▶ [Problem statement] Output only the lines of the entries that follow, starting at the one with "#108=DIRECTION('',(0.,0.,-1.));" and running down to the one with "#146=ORIENTED_EDGE('',*,*,#48,.T.);", both included and unchanged.

▶ [Task input]
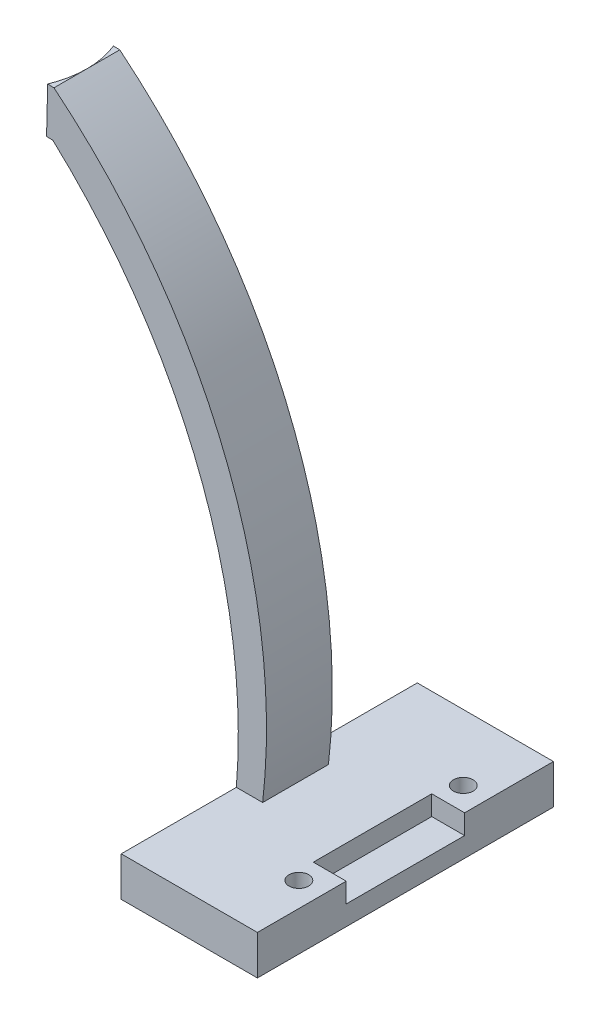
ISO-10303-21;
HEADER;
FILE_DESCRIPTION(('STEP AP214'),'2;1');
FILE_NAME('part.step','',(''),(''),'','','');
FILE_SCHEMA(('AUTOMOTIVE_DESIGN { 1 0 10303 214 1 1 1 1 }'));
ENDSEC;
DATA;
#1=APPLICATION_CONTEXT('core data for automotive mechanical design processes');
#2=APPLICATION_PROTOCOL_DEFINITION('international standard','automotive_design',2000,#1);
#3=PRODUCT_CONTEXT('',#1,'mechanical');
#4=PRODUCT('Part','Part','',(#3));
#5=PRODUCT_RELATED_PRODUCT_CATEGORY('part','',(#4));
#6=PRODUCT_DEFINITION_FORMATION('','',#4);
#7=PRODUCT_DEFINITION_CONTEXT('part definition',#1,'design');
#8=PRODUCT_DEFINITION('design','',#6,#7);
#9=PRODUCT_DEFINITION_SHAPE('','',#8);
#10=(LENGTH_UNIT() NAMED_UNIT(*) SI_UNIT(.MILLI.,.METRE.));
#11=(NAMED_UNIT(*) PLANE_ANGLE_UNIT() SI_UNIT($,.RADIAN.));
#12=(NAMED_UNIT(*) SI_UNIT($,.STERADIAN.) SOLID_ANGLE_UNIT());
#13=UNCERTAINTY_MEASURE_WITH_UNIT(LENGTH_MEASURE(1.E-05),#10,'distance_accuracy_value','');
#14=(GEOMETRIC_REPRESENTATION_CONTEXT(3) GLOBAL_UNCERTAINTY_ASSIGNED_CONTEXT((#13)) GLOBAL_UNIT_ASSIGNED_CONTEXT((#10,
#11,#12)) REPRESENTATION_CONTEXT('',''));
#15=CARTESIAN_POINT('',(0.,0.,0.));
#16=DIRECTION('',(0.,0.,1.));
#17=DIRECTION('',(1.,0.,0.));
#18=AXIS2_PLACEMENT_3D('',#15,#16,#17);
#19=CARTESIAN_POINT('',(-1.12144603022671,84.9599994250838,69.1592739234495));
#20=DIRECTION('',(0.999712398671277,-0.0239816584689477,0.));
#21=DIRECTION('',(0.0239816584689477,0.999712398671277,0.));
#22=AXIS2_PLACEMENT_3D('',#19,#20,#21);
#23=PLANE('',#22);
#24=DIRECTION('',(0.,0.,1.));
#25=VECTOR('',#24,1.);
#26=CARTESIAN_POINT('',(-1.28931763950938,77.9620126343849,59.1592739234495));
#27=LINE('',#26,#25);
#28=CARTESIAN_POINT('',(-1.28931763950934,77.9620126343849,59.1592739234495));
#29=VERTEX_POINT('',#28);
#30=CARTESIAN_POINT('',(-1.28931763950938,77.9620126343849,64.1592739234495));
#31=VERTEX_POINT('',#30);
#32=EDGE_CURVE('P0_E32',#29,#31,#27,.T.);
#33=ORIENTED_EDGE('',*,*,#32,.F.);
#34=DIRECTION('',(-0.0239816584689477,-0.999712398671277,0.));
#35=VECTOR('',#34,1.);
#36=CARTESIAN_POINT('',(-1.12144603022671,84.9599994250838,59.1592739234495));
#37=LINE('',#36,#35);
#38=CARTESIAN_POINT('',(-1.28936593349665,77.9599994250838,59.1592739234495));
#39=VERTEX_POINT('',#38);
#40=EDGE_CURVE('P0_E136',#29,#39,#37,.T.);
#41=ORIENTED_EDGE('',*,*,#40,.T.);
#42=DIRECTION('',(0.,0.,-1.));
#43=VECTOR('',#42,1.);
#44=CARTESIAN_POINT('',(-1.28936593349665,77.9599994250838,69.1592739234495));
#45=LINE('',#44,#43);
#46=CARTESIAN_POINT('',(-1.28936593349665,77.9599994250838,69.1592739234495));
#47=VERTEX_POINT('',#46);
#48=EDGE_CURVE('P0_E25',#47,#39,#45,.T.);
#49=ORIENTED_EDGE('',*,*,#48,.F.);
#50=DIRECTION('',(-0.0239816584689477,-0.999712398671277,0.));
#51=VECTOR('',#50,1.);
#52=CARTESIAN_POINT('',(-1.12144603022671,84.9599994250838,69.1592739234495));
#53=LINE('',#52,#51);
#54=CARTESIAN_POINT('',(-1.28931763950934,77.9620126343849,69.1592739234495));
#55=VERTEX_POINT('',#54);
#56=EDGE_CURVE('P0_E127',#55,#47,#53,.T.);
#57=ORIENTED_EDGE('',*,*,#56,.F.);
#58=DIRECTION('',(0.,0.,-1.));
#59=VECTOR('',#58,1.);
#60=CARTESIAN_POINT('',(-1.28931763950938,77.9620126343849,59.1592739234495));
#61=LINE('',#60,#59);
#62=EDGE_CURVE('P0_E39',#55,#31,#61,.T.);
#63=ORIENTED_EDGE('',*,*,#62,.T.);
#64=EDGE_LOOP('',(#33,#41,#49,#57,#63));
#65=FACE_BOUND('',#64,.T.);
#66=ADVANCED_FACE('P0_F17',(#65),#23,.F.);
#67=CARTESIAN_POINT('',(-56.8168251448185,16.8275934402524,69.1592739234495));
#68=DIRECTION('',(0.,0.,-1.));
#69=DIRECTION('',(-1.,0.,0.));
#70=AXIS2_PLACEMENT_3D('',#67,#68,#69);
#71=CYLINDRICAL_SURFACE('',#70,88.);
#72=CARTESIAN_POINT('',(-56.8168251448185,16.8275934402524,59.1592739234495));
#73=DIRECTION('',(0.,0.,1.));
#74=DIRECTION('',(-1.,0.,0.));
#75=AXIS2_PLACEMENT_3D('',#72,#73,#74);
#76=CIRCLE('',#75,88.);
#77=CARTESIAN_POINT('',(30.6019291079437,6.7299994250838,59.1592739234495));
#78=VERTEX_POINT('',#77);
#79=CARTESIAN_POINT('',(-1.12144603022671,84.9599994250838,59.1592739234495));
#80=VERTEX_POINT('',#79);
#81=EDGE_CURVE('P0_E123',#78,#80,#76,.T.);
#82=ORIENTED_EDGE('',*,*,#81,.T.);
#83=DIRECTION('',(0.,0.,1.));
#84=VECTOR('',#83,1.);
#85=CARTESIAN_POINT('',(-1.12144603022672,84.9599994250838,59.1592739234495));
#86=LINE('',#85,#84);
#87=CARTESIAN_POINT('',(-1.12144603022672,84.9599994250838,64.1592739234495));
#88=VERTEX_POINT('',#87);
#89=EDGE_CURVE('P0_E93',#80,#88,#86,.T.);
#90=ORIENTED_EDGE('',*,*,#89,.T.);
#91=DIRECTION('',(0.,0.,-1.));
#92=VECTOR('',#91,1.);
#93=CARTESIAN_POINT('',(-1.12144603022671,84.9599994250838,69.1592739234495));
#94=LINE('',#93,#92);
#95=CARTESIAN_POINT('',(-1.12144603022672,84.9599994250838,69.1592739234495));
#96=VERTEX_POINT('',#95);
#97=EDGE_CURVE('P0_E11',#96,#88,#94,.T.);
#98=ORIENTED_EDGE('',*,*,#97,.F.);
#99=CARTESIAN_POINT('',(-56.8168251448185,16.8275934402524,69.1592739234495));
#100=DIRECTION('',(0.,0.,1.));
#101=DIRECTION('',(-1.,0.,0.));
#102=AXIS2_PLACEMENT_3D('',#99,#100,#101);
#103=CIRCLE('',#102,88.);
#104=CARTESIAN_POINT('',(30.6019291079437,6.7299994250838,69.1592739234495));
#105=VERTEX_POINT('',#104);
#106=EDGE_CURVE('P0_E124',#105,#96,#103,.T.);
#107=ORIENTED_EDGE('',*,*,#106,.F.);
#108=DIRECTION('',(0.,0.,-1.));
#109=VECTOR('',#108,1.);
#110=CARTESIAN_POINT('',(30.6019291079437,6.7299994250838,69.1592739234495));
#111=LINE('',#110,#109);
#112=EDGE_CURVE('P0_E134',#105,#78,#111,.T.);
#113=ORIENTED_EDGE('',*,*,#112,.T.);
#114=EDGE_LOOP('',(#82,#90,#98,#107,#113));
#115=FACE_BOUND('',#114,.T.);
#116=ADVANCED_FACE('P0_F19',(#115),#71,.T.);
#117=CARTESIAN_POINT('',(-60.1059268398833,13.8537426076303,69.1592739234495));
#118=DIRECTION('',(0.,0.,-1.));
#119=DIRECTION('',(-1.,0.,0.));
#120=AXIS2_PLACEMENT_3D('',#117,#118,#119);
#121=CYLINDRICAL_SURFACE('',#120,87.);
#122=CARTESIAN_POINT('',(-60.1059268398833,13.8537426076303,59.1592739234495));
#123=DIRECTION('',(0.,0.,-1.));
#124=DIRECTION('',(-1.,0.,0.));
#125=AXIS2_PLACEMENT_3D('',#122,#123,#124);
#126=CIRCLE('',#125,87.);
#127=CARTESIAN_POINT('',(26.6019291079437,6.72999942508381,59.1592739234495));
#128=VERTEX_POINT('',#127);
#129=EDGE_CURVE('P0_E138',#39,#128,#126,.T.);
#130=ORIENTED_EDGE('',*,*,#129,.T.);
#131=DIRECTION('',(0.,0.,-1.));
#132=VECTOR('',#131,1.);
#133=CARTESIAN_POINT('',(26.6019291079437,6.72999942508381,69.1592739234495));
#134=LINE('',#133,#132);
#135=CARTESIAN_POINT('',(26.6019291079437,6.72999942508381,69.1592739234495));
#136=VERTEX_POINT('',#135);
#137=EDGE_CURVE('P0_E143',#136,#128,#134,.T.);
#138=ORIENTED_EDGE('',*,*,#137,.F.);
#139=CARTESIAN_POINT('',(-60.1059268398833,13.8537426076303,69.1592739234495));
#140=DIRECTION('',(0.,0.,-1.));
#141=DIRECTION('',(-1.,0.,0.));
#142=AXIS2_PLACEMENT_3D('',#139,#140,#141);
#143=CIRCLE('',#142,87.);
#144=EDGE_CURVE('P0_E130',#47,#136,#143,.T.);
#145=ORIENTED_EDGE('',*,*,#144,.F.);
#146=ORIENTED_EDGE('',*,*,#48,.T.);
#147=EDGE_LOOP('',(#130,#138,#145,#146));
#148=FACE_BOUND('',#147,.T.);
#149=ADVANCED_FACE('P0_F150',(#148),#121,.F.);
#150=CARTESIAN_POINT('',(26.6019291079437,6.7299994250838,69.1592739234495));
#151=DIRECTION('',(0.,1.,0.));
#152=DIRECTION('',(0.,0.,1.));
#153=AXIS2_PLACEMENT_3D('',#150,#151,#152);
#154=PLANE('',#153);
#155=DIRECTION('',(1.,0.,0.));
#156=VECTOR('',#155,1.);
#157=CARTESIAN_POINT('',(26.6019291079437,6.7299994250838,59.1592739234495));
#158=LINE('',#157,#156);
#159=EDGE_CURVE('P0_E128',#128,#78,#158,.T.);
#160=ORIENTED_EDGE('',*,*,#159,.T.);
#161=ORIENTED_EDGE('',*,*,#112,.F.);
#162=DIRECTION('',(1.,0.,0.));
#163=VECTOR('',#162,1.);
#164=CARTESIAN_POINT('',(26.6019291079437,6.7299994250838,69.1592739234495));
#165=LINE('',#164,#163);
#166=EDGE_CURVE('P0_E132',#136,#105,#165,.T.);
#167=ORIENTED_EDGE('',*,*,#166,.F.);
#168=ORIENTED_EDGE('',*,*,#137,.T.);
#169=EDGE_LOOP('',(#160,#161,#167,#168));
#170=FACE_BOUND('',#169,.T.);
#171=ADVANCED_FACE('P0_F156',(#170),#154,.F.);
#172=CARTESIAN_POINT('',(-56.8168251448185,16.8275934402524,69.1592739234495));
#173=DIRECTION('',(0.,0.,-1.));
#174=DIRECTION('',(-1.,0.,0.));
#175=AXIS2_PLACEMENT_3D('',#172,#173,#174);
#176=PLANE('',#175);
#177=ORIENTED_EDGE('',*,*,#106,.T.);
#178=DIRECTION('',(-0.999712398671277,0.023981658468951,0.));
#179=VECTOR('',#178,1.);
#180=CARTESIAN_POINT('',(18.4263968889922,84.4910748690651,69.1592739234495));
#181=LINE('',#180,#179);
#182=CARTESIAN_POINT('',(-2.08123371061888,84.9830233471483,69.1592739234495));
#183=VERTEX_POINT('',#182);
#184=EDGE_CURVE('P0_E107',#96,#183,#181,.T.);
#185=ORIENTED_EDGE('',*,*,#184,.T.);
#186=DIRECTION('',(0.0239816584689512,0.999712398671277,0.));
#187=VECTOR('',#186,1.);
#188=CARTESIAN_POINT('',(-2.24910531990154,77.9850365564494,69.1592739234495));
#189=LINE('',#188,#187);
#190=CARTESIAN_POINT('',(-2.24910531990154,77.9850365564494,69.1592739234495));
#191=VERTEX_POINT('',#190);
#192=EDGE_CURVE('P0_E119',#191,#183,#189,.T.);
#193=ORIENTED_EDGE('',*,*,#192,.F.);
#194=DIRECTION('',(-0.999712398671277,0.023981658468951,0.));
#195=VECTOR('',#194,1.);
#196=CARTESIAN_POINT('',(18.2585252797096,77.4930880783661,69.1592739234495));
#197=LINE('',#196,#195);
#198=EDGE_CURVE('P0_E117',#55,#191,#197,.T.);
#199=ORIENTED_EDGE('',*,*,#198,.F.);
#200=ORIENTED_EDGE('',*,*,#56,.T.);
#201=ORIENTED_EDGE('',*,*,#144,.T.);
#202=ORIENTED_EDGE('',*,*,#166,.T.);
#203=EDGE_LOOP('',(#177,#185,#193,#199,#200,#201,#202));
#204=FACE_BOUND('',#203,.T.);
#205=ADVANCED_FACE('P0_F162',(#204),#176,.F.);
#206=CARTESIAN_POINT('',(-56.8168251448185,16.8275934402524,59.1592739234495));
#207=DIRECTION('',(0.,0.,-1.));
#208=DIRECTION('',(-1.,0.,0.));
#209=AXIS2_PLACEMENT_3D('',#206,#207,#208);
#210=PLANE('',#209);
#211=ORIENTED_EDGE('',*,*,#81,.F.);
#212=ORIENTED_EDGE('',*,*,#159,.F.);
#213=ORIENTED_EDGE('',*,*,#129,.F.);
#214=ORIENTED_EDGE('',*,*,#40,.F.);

▶ [Solution below]
#108=DIRECTION('',(0.,0.,-1.));
#109=VECTOR('',#108,1.);
#110=CARTESIAN_POINT('',(30.6019291079437,6.7299994250838,69.1592739234495));
#111=LINE('',#110,#109);
#112=EDGE_CURVE('P0_E134',#105,#78,#111,.T.);
#113=ORIENTED_EDGE('',*,*,#112,.T.);
#114=EDGE_LOOP('',(#82,#90,#98,#107,#113));
#115=FACE_BOUND('',#114,.T.);
#116=ADVANCED_FACE('P0_F19',(#115),#71,.T.);
#117=CARTESIAN_POINT('',(-60.1059268398833,13.8537426076303,69.1592739234495));
#118=DIRECTION('',(0.,0.,-1.));
#119=DIRECTION('',(-1.,0.,0.));
#120=AXIS2_PLACEMENT_3D('',#117,#118,#119);
#121=CYLINDRICAL_SURFACE('',#120,87.);
#122=CARTESIAN_POINT('',(-60.1059268398833,13.8537426076303,59.1592739234495));
#123=DIRECTION('',(0.,0.,-1.));
#124=DIRECTION('',(-1.,0.,0.));
#125=AXIS2_PLACEMENT_3D('',#122,#123,#124);
#126=CIRCLE('',#125,87.);
#127=CARTESIAN_POINT('',(26.6019291079437,6.72999942508381,59.1592739234495));
#128=VERTEX_POINT('',#127);
#129=EDGE_CURVE('P0_E138',#39,#128,#126,.T.);
#130=ORIENTED_EDGE('',*,*,#129,.T.);
#131=DIRECTION('',(0.,0.,-1.));
#132=VECTOR('',#131,1.);
#133=CARTESIAN_POINT('',(26.6019291079437,6.72999942508381,69.1592739234495));
#134=LINE('',#133,#132);
#135=CARTESIAN_POINT('',(26.6019291079437,6.72999942508381,69.1592739234495));
#136=VERTEX_POINT('',#135);
#137=EDGE_CURVE('P0_E143',#136,#128,#134,.T.);
#138=ORIENTED_EDGE('',*,*,#137,.F.);
#139=CARTESIAN_POINT('',(-60.1059268398833,13.8537426076303,69.1592739234495));
#140=DIRECTION('',(0.,0.,-1.));
#141=DIRECTION('',(-1.,0.,0.));
#142=AXIS2_PLACEMENT_3D('',#139,#140,#141);
#143=CIRCLE('',#142,87.);
#144=EDGE_CURVE('P0_E130',#47,#136,#143,.T.);
#145=ORIENTED_EDGE('',*,*,#144,.F.);
#146=ORIENTED_EDGE('',*,*,#48,.T.);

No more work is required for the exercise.